Height (cm) and weight (kg) were measured, and body mass index (BMI) was calculated by dividing weight by squared height (kg/m2). Systolic and diastolic blood pressure were measured by an automated digital device (HEM-707, OMRON, Kyoto) with subject in a sitting position at least for five minutes. Blood pressure readings were taken twice with an interval of at least one minute, and the second reading was used for the present study. Hypertension was defined if systolic blood pressure was ≥140 mmHg or diastolic blood pressure was ≥90 mmHg or if antihypertensive drugs were used. Diabetes mellitus status was defined if individuals reported current medication for diabetes mellitus or if HbA1c was ≥6.5%.

2.5. Statistical Analysis

Statistical analyses were performed in men and women separately. We calculated age-standardized proportions of variables of interest according to categories of coffee intake by the direct method with age-specific (5-year class) numbers of men and women each as standard populations. Analysis of covariance was used to calculate adjusted mean concentrations of UA according to coffee or caffeine intake. Coffee intake was categorized into null consumption, <1, 1–3, 4–6, and ≥7 cups/day. Caffeine was divided into quintiles (<105, 105–194, 195–239, 240–309, and ≥310 mg/day). In multivariate models, we included the following potential confounding variables: age (continuous), BMI (continuous), smoking (never, past, and current smoking with a consumption of <20 or ≥20 cigarettes/day), alcohol drinking (never, past, and current drinking with a consumption of <30, 30–59, or ≥60 mL/day), work-related physical activity (quartiles of MET-hour/day), and leisure-time physical activity (quartiles of MET-hour/week), hypertension, diabetes mellitus, eGFR (<60, 60–89, or ≥90 mL/min/1.73 m2), and seafood intake (quartiles of daily consumption).

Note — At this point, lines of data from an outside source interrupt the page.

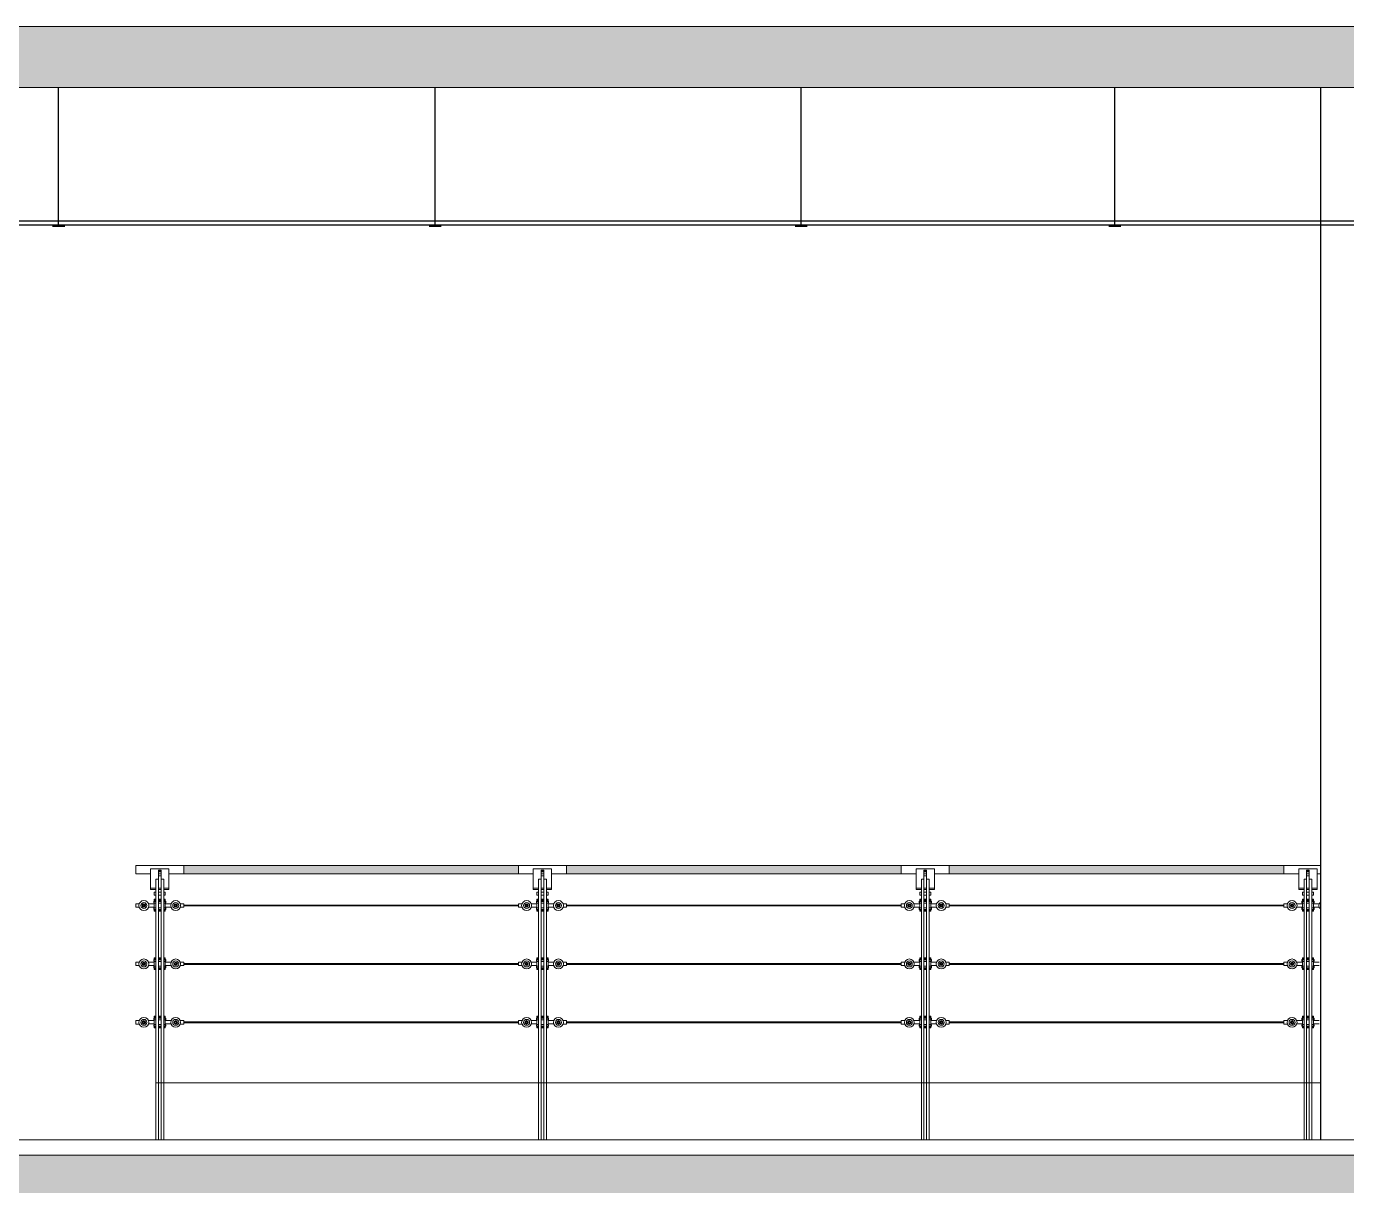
# Model space of a CAD drawing. Header units: millimetres. Extents: x 1135 to 1350, y 205 to 283.
# Drawn here: x 1182.499 to 1186.829, y 225 to 228.8 of the extents above; entities that cross this region are included whole.
import ezdxf

# ---------------------------------------------------------------- set-up
doc = ezdxf.new("R2010")
doc.units = ezdxf.units.MM
doc.header["$LTSCALE"] = 10
doc.layers.add('CIEL', color=8, linetype='Continuous')
doc.layers.add('FONDO', color=8, linetype='Continuous')
for name, color, linetype, lineweight in [('cinza 03', 252, 'Continuous', 13), ('pn 02', 16, 'Continuous', 20), ('PN-01', 90, 'Continuous', 13), ('PN-03', 180, 'Continuous', 30)]:
    doc.layers.add(name, color=color, linetype=linetype, lineweight=lineweight)

msp = doc.modelspace()

# ---------------------------------------------------------------- hatches: boundary and pattern name
at = {"layer": 'cinza 03'}
h = msp.add_hatch(color=256, dxfattribs=at)
h.paths.add_polyline_path([(1183.015, 226.049), (1183.015, 226.0223), (1183.2721, 226.0223), (1183.2791, 226.049)])
h.paths.add_polyline_path([(1184.1129, 226.0223), (1184.1129, 226.049), (1183.2791, 226.049), (1183.2721, 226.0223)])
h = msp.add_hatch(color=256, dxfattribs=at)
h.paths.add_polyline_path([(1184.2706, 226.049), (1184.2706, 226.0223), (1184.5276, 226.0223), (1184.5346, 226.049)])
h.paths.add_polyline_path([(1185.3684, 226.0223), (1185.3684, 226.049), (1184.5346, 226.049), (1184.5276, 226.0223)])
h = msp.add_hatch(color=256, dxfattribs=at)
h.paths.add_polyline_path([(1185.5261, 226.049), (1185.5261, 226.0223), (1185.7832, 226.0223), (1185.7901, 226.049)])
h.paths.add_polyline_path([(1186.6239, 226.0223), (1186.6239, 226.049), (1185.7901, 226.049), (1185.7832, 226.0223)])
at = {"layer": 'PN-01'}
h = msp.add_hatch(color=256, dxfattribs=at)
h.paths.add_polyline_path([(1192.9934, 228.8), (1186.9934, 228.8), (1186.9934, 228.6), (1192.9934, 228.6)])
h.paths.add_polyline_path([(1186.9934, 228.8), (1180.9934, 228.8), (1180.9934, 228.6), (1186.9934, 228.6)])
h.paths.add_polyline_path([(1180.9934, 228.8), (1174.9934, 228.8), (1174.9934, 228.6), (1180.9934, 228.6)])
h.paths.add_polyline_path([(1174.9934, 228.8), (1168.9934, 228.8), (1168.9934, 228.6), (1174.9934, 228.6)])
h.paths.add_polyline_path([(1168.9934, 228.8), (1162.9934, 228.8), (1162.9934, 228.6), (1168.9934, 228.6)])
h.paths.add_polyline_path([(1162.9934, 228.8), (1156.9934, 228.8), (1156.9934, 228.6), (1162.9934, 228.6)])
h.paths.add_polyline_path([(1156.9934, 228.8), (1151.1184, 228.8), (1151.1184, 228.6), (1156.9934, 228.6)])
h.paths.add_polyline_path([(1150.8684, 225.1), (1148.8684, 225.1), (1148.8684, 224.9), (1150.8684, 224.9)])
h.paths.add_polyline_path([(1156.9934, 225.1), (1151.1184, 225.1), (1151.1184, 224.9), (1156.9934, 224.9)])
h.paths.add_polyline_path([(1162.9934, 225.1), (1156.9934, 225.1), (1156.9934, 224.9), (1162.9934, 224.9)])
h.paths.add_polyline_path([(1168.9934, 225.1), (1162.9934, 225.1), (1162.9934, 224.9), (1168.9934, 224.9)])
h.paths.add_polyline_path([(1174.9934, 225.1), (1168.9934, 225.1), (1168.9934, 224.9), (1174.9934, 224.9)])
h.paths.add_polyline_path([(1180.9934, 225.1), (1174.9934, 225.1), (1174.9934, 224.9), (1180.9934, 224.9)])
h.paths.add_polyline_path([(1186.9934, 225.1), (1180.9934, 225.1), (1180.9934, 224.9), (1186.9934, 224.9)])
h.paths.add_polyline_path([(1192.9934, 225.1), (1186.9934, 225.1), (1186.9934, 224.9), (1192.9934, 224.9)])
h.paths.add_polyline_path([(1192.9934, 220.9), (1186.9934, 220.9), (1186.9934, 220.7), (1192.9934, 220.7)])
h.paths.add_polyline_path([(1186.9934, 220.9), (1180.9934, 220.9), (1180.9934, 220.7), (1186.9934, 220.7)])
h.paths.add_polyline_path([(1180.9934, 220.9), (1174.9934, 220.9), (1174.9934, 220.7), (1180.9934, 220.7)])
h.paths.add_polyline_path([(1174.9934, 220.9), (1168.9934, 220.9), (1168.9934, 220.7), (1174.9934, 220.7)])
h.paths.add_polyline_path([(1168.9934, 220.9), (1162.9934, 220.9), (1162.9934, 220.7), (1168.9934, 220.7)])
h.paths.add_polyline_path([(1162.9934, 220.9), (1156.9934, 220.9), (1156.9934, 220.7), (1162.9934, 220.7)])
h.paths.add_polyline_path([(1156.9934, 220.9), (1150.9934, 220.9), (1150.9934, 220.2), (1151.1184, 220.2), (1151.1184, 220.7), (1156.9934, 220.7)])
h.paths.add_polyline_path([(1150.9934, 220.2), (1145.8684, 220.2), (1145.8684, 220), (1150.9934, 220)])
h.paths.add_polyline_path([(1151.2434, 220.2), (1150.9934, 220.2), (1150.9934, 220), (1151.2434, 220)])

# ---------------------------------------------------------------- linework, layer by layer
at = {"layer": 'CIEL'}
for p, q in [((1151.1184, 228.1625), (1217.1434, 228.1625)), ((1151.1184, 228.15), (1217.1434, 228.15)), ((1182.5847, 228.1457), (1182.6244, 228.1457)), ((1183.8197, 228.1457), (1183.8594, 228.1457)), ((1185.0204, 228.1457), (1185.0601, 228.1457)), ((1186.0495, 228.1457), (1186.0893, 228.1457))]:
    msp.add_line(p, q, dxfattribs=at)
at = {"layer": 'cinza 03'}
for p, q in [((1182.8574, 226.049), (1184.2706, 226.049)), ((1182.8574, 226.0223), (1182.8574, 226.049)), ((1182.8574, 226.0223), (1182.9061, 226.0223)), ((1182.9061, 226.0384), (1182.9061, 225.9709)), ((1182.9061, 226.0384), (1182.9662, 226.0384)), ((1182.9318, 226.0337), (1182.9318, 225.15)), ((1182.9406, 226.0337), (1182.9318, 226.0337)), ((1182.9406, 226.0337), (1182.9406, 225.15)), ((1182.9662, 226.0384), (1182.9662, 225.9709)), ((1182.9662, 226.0223), (1184.1616, 226.0223)), ((1183.015, 226.0223), (1183.015, 226.049)), ((1184.1129, 226.0223), (1184.1129, 226.049)), ((1184.1129, 226.049), (1185.5261, 226.049)), ((1184.1616, 226.0384), (1184.1616, 225.9709)), ((1184.1616, 226.0384), (1184.2217, 226.0384)), ((1184.1873, 226.0337), (1184.1873, 225.15)), ((1184.1961, 226.0337), (1184.1873, 226.0337)), ((1184.1961, 226.0337), (1184.1961, 225.15)), ((1184.2217, 226.0384), (1184.2217, 225.9709)), ((1184.2217, 226.0223), (1184.2706, 226.0223)), ((1184.2217, 226.0223), (1185.4171, 226.0223)), ((1184.2706, 226.0223), (1184.2706, 226.049)), ((1185.3684, 226.0223), (1185.3684, 226.049)), ((1185.3684, 226.049), (1186.7434, 226.049)), ((1185.4171, 226.0384), (1185.4171, 225.9709)), ((1185.4171, 226.0384), (1185.4773, 226.0384)), ((1185.4428, 226.0337), (1185.4428, 225.15)), ((1185.4516, 226.0337), (1185.4428, 226.0337)), ((1185.4516, 226.0337), (1185.4516, 225.15)), ((1185.4773, 226.0384), (1185.4773, 225.9709)), ((1185.4773, 226.0223), (1185.5261, 226.0223)), ((1185.4773, 226.0223), (1186.6727, 226.0223)), ((1185.5261, 226.0223), (1185.5261, 226.049)), ((1186.6239, 226.0223), (1186.6239, 226.049)), ((1186.6239, 226.049), (1186.7434, 226.049)), ((1186.6727, 226.0384), (1186.6727, 225.9709)), ((1186.6727, 226.0384), (1186.7328, 226.0384)), ((1186.6983, 226.0337), (1186.6983, 225.15)), ((1186.7071, 226.0337), (1186.6983, 226.0337)), ((1186.7071, 226.0337), (1186.7071, 225.15)), ((1186.7328, 226.0384), (1186.7328, 225.9709)), ((1186.7328, 226.0223), (1186.7434, 226.0223)), ((1186.7328, 226.0223), (1186.7434, 226.0223)), ((1182.9061, 225.9746), (1182.9233, 225.9746)), ((1182.9233, 226.0045), (1182.9234, 225.15)), ((1182.9318, 226.0044), (1182.9233, 226.0044)), ((1182.9318, 225.9746), (1182.9406, 225.9746)), ((1182.949, 226.0044), (1182.9406, 226.0044)), ((1182.949, 226.0044), (1182.949, 225.15)), ((1182.949, 225.9746), (1182.9662, 225.9746)), ((1184.1616, 225.9746), (1184.1789, 225.9746)), ((1184.1789, 226.0045), (1184.1789, 225.15)), ((1184.1873, 226.0044), (1184.1789, 226.0044)), ((1184.1873, 225.9746), (1184.1961, 225.9746)), ((1184.2045, 226.0044), (1184.1961, 226.0044)), ((1184.2045, 226.0044), (1184.2045, 225.15)), ((1184.2045, 225.9746), (1184.2217, 225.9746)), ((1185.4171, 225.9746), (1185.4344, 225.9746)), ((1185.4344, 226.0045), (1185.4344, 225.15)), ((1185.4428, 226.0044), (1185.4344, 226.0044)), ((1185.4428, 225.9746), (1185.4516, 225.9746)), ((1185.46, 226.0044), (1185.4516, 226.0044)), ((1185.46, 226.0044), (1185.46, 225.15)), ((1185.46, 225.9746), (1185.4773, 225.9746)), ((1186.6727, 225.9746), (1186.6899, 225.9746)), ((1186.6899, 226.0045), (1186.6899, 225.15)), ((1186.6983, 226.0044), (1186.6899, 226.0044)), ((1186.6983, 225.9746), (1186.7071, 225.9746)), ((1186.7155, 226.0044), (1186.7071, 226.0044)), ((1186.7155, 226.0044), (1186.7155, 225.15)), ((1186.7155, 225.9746), (1186.7328, 225.9746)), ((1182.9061, 225.9709), (1182.9233, 225.9709)), ((1182.9162, 225.932), (1182.9162, 225.9268)), ((1182.9179, 225.932), (1182.9162, 225.932)), ((1182.9179, 225.9523), (1182.9179, 225.962)), ((1182.9233, 225.962), (1182.9179, 225.962)), ((1182.9233, 225.9523), (1182.9179, 225.9523)), ((1182.9179, 225.9385), (1182.9179, 225.8996)), ((1182.9233, 225.9385), (1182.9179, 225.9385)), ((1182.9318, 225.9709), (1182.9406, 225.9709)), ((1182.9406, 225.962), (1182.9318, 225.962)), ((1182.9406, 225.9523), (1182.9318, 225.9523)), ((1182.9406, 225.9385), (1182.9318, 225.9385)), ((1182.949, 225.9709), (1182.9662, 225.9709)), ((1182.9544, 225.962), (1182.949, 225.962)), ((1182.9544, 225.9523), (1182.949, 225.9523)), ((1182.9544, 225.9385), (1182.949, 225.9385)), ((1182.9544, 225.9523), (1182.9544, 225.962)), ((1182.9544, 225.9385), (1182.9544, 225.8996)), ((1182.9562, 225.932), (1182.9544, 225.932)), ((1182.9562, 225.932), (1182.9562, 225.9268)), ((1184.1616, 225.9709), (1184.1789, 225.9709)), ((1184.1717, 225.932), (1184.1717, 225.9268)), ((1184.1734, 225.932), (1184.1717, 225.932)), ((1184.1734, 225.9523), (1184.1734, 225.962)), ((1184.1789, 225.962), (1184.1734, 225.962)), ((1184.1789, 225.9523), (1184.1734, 225.9523)), ((1184.1734, 225.9385), (1184.1734, 225.8996)), ((1184.1789, 225.9385), (1184.1734, 225.9385)), ((1184.1873, 225.9709), (1184.1961, 225.9709)), ((1184.1961, 225.962), (1184.1873, 225.962)), ((1184.1961, 225.9523), (1184.1873, 225.9523)), ((1184.1961, 225.9385), (1184.1873, 225.9385)), ((1184.2045, 225.9709), (1184.2217, 225.9709)), ((1184.2099, 225.962), (1184.2045, 225.962)), ((1184.2099, 225.9523), (1184.2045, 225.9523)), ((1184.2099, 225.9385), (1184.2045, 225.9385)), ((1184.2099, 225.9523), (1184.2099, 225.962)), ((1184.2099, 225.9385), (1184.2099, 225.8996)), ((1184.2117, 225.932), (1184.2099, 225.932)), ((1184.2117, 225.932), (1184.2117, 225.9268)), ((1185.4171, 225.9709), (1185.4344, 225.9709)), ((1185.4272, 225.932), (1185.4272, 225.9268)), ((1185.429, 225.932), (1185.4272, 225.932)), ((1185.429, 225.9523), (1185.429, 225.962)), ((1185.4344, 225.962), (1185.429, 225.962)), ((1185.4344, 225.9523), (1185.429, 225.9523)), ((1185.429, 225.9385), (1185.429, 225.8996)), ((1185.4344, 225.9385), (1185.429, 225.9385)), ((1185.4428, 225.9709), (1185.4516, 225.9709)), ((1185.4516, 225.962), (1185.4428, 225.962)), ((1185.4516, 225.9523), (1185.4428, 225.9523)), ((1185.4516, 225.9385), (1185.4428, 225.9385)), ((1185.46, 225.9709), (1185.4773, 225.9709)), ((1185.4654, 225.962), (1185.46, 225.962)), ((1185.4654, 225.9523), (1185.46, 225.9523)), ((1185.4654, 225.9385), (1185.46, 225.9385)), ((1185.4654, 225.9523), (1185.4654, 225.962)), ((1185.4654, 225.9385), (1185.4654, 225.8996)), ((1185.4672, 225.932), (1185.4654, 225.932)), ((1185.4672, 225.932), (1185.4672, 225.9268)), ((1186.6727, 225.9709), (1186.6899, 225.9709)), ((1186.6827, 225.932), (1186.6827, 225.9268)), ((1186.6845, 225.932), (1186.6827, 225.932)), ((1186.6845, 225.9523), (1186.6845, 225.962)), ((1186.6899, 225.962), (1186.6845, 225.962)), ((1186.6899, 225.9523), (1186.6845, 225.9523)), ((1186.6845, 225.9385), (1186.6845, 225.8996)), ((1186.6899, 225.9385), (1186.6845, 225.9385)), ((1186.6983, 225.9709), (1186.7071, 225.9709)), ((1186.7071, 225.962), (1186.6983, 225.962)), ((1186.7071, 225.9523), (1186.6983, 225.9523)), ((1186.7071, 225.9385), (1186.6983, 225.9385)), ((1186.7155, 225.9709), (1186.7328, 225.9709)), ((1186.721, 225.962), (1186.7155, 225.962)), ((1186.721, 225.9523), (1186.7155, 225.9523)), ((1186.721, 225.9385), (1186.7155, 225.9385)), ((1186.721, 225.9523), (1186.721, 225.962)), ((1186.721, 225.9385), (1186.721, 225.8996)), ((1186.7227, 225.932), (1186.721, 225.932)), ((1186.7227, 225.932), (1186.7227, 225.9268)), ((1182.8574, 225.9237), (1182.8688, 225.9237)), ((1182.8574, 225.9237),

Odds ratios (OR) of hyperuricemia (≥7 mg/dL) in relation to coffee and caffeine intake were estimated by using logistic regression analysis. The definition of hyperuricemia was based on the standard cutoff point used in the United States [1]. The Wald method was used to estimate 95% confidence interval (CI). Trends in mean concentrations of serum UA and ORs of hyperuricemia across coffee or caffeine intake levels were evaluated by assigning ordinal values to categories of coffee or caffeine intake. A two-sided P value <  .05 was considered statistically significant. Statistical analyses were performed with SAS version 9.2 (SAS Institute, Cary, NC).

3. Results

Selected characteristics of the study subjects are summarized in Table 1. At least 1 cup of coffee per day was consumed by more than half of men and women (57%). Much larger proportions of men (78%) and women (87%) consumed green tea daily. Daily users of black tea and oolong tea were less frequent. Serum UA concentrations were greater in men than in women, as was the prevalence of hyperuricemia. Proportions of current cigarette smoking and alcohol use were greater in men than in women. Hypertension and diabetes mellitus were more frequent in men than in women.

Table 1

Characteristics of the study subjects (n = 11.662).

Variable	Men (n = 4964)	Women (n = 6698)
Age (year), mean (SD)	62.6 (6.8)	62.1 (6.7)
Body mass index (kg/m2), mean (SD)	23.5 (2.8)	22.5 (3.1)
Current alcohol use, (%)	70.8	26.6
Alcohol (mL/d)*, median (IQR)	37 (18–57)	11 (6–20)
Current smoking, (%)	31.6	6.4
Cigarettes/d†, median (IQR)	20 (15–25)	15 (10–20)
Daily use of coffee, (%)	56.9	57.2
Daily use of green tea, (%)	78.1	87.3
Daily use of black tea, (%)	4.1	8.9
Daily use of oolong tea, (%)	12.9	14.0
Caffein intake (mg/d), median (IQR)	210 (109–270)	220 (136–284)
Seafood intake (g/d), median (IQR)	53 (36–74)	51 (38–68)
Work-related activity (MET-hr/d), median (IQR)	6 (2–14)	10 (6–18)
Leisure-time activity (MET-hr/w), median (IQR)	5 (2–15)	5 (1–14)
Hypertension, (%)	61.8	46.3
Diabetes mellitus, (%)	10.9	4.3
Serum creatinine (mg/dL), mean (SD)	0.8 (0.1)	0.6 (0.1)
eGFR (mL/minute/1.73 m2), mean (SD)	73.8 (14.0)	75.9 (14.7)
Serum uric acid (mg/dL), mean (SD)	5.9 (1.3)	4.6 (1.0)
Hyperuricemia, (%)	18.9	1.2

eGFR: estimated glomerular filtration rate; IQR: interquartile range; MET: metabolic equivalent; SD: standard deviation.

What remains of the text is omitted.